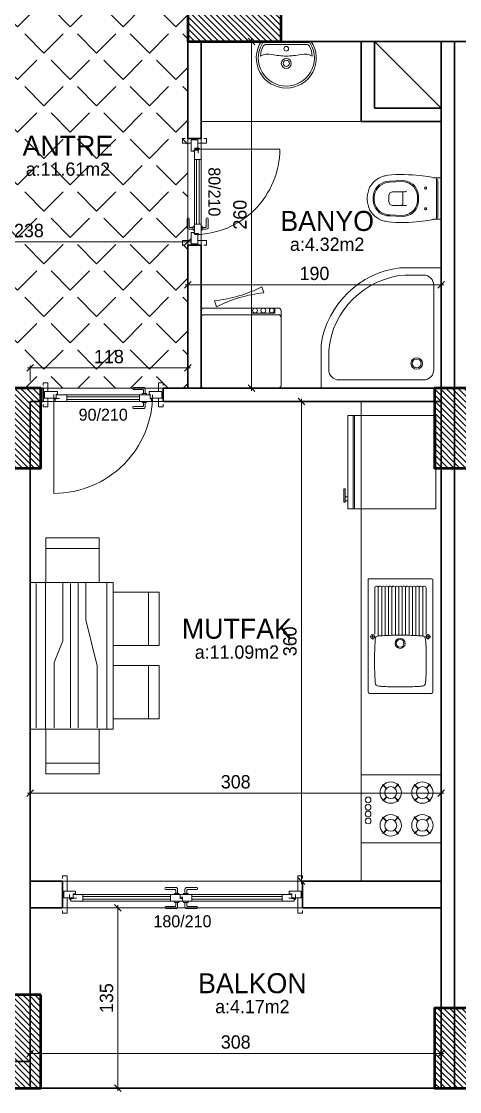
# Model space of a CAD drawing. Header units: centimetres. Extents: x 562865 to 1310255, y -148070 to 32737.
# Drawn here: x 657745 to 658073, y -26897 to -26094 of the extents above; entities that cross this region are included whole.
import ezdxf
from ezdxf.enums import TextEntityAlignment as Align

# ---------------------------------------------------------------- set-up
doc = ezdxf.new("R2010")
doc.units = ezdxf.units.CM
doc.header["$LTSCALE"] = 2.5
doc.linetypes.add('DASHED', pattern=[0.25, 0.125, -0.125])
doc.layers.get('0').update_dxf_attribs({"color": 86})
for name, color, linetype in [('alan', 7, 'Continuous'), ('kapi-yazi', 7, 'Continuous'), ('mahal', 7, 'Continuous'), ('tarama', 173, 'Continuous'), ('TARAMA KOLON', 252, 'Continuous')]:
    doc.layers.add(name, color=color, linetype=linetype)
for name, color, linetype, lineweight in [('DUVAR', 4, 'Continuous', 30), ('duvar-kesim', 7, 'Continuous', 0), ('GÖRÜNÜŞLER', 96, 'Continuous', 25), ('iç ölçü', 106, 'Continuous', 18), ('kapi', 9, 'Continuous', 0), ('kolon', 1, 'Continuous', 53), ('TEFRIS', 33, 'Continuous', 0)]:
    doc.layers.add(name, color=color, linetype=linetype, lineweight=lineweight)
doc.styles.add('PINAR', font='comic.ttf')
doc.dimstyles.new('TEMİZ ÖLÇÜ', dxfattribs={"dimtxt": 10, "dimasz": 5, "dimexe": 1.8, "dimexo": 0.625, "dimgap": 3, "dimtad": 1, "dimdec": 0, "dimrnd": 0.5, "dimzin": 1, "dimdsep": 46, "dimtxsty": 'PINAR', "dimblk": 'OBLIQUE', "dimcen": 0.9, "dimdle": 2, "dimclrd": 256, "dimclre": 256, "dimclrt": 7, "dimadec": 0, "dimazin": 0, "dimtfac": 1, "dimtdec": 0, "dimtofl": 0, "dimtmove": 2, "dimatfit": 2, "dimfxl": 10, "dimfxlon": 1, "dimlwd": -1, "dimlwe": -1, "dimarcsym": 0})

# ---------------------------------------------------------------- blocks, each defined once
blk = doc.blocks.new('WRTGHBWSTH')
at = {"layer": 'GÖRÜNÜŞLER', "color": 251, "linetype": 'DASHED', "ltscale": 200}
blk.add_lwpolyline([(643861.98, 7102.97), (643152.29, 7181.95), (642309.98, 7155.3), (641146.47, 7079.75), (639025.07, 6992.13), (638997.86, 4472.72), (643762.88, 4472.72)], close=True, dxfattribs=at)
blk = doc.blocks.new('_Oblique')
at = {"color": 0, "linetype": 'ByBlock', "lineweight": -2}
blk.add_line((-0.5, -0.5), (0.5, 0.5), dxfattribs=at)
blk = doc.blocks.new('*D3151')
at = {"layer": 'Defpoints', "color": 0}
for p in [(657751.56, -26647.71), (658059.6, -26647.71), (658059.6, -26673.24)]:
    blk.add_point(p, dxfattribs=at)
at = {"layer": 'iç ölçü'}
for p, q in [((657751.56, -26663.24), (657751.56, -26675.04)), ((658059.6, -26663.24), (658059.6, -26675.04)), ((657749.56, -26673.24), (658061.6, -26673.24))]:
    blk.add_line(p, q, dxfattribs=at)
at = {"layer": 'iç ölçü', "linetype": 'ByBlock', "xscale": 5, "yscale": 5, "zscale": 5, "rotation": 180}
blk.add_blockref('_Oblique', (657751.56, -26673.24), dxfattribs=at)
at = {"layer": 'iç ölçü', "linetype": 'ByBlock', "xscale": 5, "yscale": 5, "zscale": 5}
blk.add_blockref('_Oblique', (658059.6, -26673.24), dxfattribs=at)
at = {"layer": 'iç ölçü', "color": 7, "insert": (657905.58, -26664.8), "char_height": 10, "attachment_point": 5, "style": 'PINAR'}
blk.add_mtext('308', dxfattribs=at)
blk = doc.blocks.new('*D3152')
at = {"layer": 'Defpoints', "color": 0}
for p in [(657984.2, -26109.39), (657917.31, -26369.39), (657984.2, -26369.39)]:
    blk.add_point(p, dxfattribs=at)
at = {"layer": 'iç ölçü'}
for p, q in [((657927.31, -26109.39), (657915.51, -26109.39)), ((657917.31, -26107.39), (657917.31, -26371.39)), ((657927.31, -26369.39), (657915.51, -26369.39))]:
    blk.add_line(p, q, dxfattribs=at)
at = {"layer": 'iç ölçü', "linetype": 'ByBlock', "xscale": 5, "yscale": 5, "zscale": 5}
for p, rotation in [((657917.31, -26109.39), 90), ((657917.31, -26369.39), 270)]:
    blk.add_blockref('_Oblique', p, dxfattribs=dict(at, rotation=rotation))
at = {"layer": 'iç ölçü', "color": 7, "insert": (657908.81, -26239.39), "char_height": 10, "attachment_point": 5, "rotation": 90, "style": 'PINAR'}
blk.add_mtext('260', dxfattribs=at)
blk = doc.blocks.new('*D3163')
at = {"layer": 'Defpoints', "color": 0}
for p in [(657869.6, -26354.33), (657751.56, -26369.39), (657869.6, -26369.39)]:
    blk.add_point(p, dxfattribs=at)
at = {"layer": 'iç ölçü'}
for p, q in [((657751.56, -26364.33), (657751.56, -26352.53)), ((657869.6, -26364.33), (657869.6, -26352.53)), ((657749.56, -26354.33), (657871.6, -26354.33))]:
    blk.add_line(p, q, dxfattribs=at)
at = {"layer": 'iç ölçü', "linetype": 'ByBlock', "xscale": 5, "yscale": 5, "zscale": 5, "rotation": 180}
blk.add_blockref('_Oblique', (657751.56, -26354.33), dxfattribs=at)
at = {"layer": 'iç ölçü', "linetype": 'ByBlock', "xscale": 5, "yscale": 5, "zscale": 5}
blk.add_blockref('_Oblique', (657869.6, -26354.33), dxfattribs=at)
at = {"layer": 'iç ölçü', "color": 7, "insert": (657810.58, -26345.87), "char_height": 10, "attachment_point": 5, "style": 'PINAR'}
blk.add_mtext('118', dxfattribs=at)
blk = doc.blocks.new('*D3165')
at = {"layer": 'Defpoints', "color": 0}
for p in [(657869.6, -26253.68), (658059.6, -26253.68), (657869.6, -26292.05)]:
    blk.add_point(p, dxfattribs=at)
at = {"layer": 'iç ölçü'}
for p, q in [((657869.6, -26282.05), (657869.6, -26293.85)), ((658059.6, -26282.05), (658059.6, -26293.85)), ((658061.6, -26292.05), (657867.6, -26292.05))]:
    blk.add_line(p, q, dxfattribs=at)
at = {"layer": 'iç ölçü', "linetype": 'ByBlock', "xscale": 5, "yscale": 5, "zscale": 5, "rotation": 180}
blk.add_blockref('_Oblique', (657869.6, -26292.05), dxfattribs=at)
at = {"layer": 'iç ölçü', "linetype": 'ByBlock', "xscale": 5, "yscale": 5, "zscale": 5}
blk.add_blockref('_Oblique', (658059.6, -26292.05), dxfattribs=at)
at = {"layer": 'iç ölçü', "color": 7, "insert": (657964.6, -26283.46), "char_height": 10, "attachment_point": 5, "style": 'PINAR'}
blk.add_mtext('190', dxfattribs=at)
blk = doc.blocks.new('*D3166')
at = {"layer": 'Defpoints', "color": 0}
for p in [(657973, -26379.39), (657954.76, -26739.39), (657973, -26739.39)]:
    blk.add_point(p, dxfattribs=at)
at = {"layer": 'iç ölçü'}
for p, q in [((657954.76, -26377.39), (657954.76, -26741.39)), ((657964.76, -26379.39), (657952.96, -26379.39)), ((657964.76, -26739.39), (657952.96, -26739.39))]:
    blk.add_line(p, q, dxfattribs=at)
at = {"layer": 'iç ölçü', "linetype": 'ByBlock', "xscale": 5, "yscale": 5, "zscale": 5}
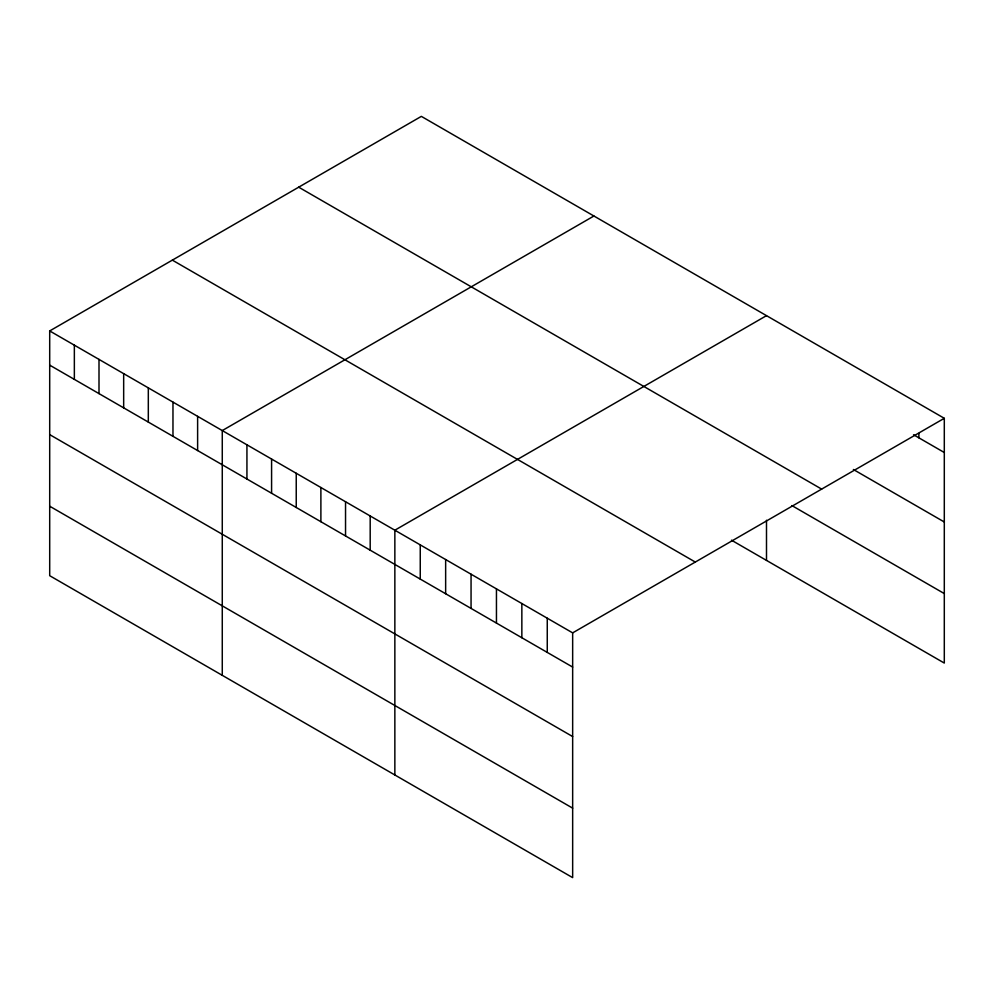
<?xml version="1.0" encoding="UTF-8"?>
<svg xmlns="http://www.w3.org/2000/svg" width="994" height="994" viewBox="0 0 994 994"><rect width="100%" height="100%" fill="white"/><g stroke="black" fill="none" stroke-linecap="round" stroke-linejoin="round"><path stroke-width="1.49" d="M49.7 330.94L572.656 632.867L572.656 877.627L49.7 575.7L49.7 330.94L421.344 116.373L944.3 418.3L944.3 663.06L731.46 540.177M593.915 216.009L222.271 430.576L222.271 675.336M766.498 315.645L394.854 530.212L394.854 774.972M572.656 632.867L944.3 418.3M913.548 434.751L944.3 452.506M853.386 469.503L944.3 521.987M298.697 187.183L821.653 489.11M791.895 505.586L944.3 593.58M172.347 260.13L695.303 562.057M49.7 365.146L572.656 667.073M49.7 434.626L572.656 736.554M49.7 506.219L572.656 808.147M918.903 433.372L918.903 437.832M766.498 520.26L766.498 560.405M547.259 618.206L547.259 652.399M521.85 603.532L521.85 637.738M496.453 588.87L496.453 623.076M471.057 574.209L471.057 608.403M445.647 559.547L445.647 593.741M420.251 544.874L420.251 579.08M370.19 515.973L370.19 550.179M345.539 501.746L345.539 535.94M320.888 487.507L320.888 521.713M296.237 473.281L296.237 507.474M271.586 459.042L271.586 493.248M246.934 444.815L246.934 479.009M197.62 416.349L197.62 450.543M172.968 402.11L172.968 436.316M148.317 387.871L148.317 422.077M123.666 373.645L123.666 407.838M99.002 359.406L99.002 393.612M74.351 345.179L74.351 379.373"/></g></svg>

━━━

## What is required:
Please find all lines of the entries that hold the string "ezdxf" and copy them.

## Answer box:
import ezdxf
from ezdxf.enums import TextEntityAlignment as Align
doc = ezdxf.new("R2010")
doc.units = ezdxf.units.CM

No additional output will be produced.